**PROBLEM STATEMENT:** The data is to be reproduced in full and without error.

**GIVEN RECORDS:**
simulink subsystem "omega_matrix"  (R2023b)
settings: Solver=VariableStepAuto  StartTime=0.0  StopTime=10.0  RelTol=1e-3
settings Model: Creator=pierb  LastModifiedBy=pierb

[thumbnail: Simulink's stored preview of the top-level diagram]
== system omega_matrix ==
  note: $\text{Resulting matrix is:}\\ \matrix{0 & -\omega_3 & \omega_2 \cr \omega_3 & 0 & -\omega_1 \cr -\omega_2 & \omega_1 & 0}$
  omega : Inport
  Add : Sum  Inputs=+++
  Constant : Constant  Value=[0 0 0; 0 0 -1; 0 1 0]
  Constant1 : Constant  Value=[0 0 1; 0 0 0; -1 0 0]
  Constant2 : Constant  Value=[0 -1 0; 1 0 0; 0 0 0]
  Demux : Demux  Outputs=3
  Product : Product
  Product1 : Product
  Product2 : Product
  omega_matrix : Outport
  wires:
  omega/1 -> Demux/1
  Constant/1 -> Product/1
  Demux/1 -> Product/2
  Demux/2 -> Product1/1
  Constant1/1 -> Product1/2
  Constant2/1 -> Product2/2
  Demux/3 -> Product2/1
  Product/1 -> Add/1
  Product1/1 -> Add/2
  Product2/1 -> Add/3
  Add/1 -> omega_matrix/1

**RESULT:**
simulink subsystem "omega_matrix"  (R2023b)
settings: Solver=VariableStepAuto  StartTime=0.0  StopTime=10.0  RelTol=1e-3
settings Model: Creator=pierb  LastModifiedBy=pierb

[thumbnail: Simulink's stored preview of the top-level diagram]
== system omega_matrix ==
  note: $\text{Resulting matrix is:}\\ \matrix{0 & -\omega_3 & \omega_2 \cr \omega_3 & 0 & -\omega_1 \cr -\omega_2 & \omega_1 & 0}$
  omega : Inport
  Add : Sum  Inputs=+++
  Constant : Constant  Value=[0 0 0; 0 0 -1; 0 1 0]
  Constant1 : Constant  Value=[0 0 1; 0 0 0; -1 0 0]
  Constant2 : Constant  Value=[0 -1 0; 1 0 0; 0 0 0]
  Demux : Demux  Outputs=3
  Product : Product
  Product1 : Product
  Product2 : Product
  omega_matrix : Outport
  wires:
  omega/1 -> Demux/1
  Constant/1 -> Product/1
  Demux/1 -> Product/2
  Demux/2 -> Product1/1
  Constant1/1 -> Product1/2
  Constant2/1 -> Product2/2
  Demux/3 -> Product2/1
  Product/1 -> Add/1
  Product1/1 -> Add/2
  Product2/1 -> Add/3
  Add/1 -> omega_matrix/1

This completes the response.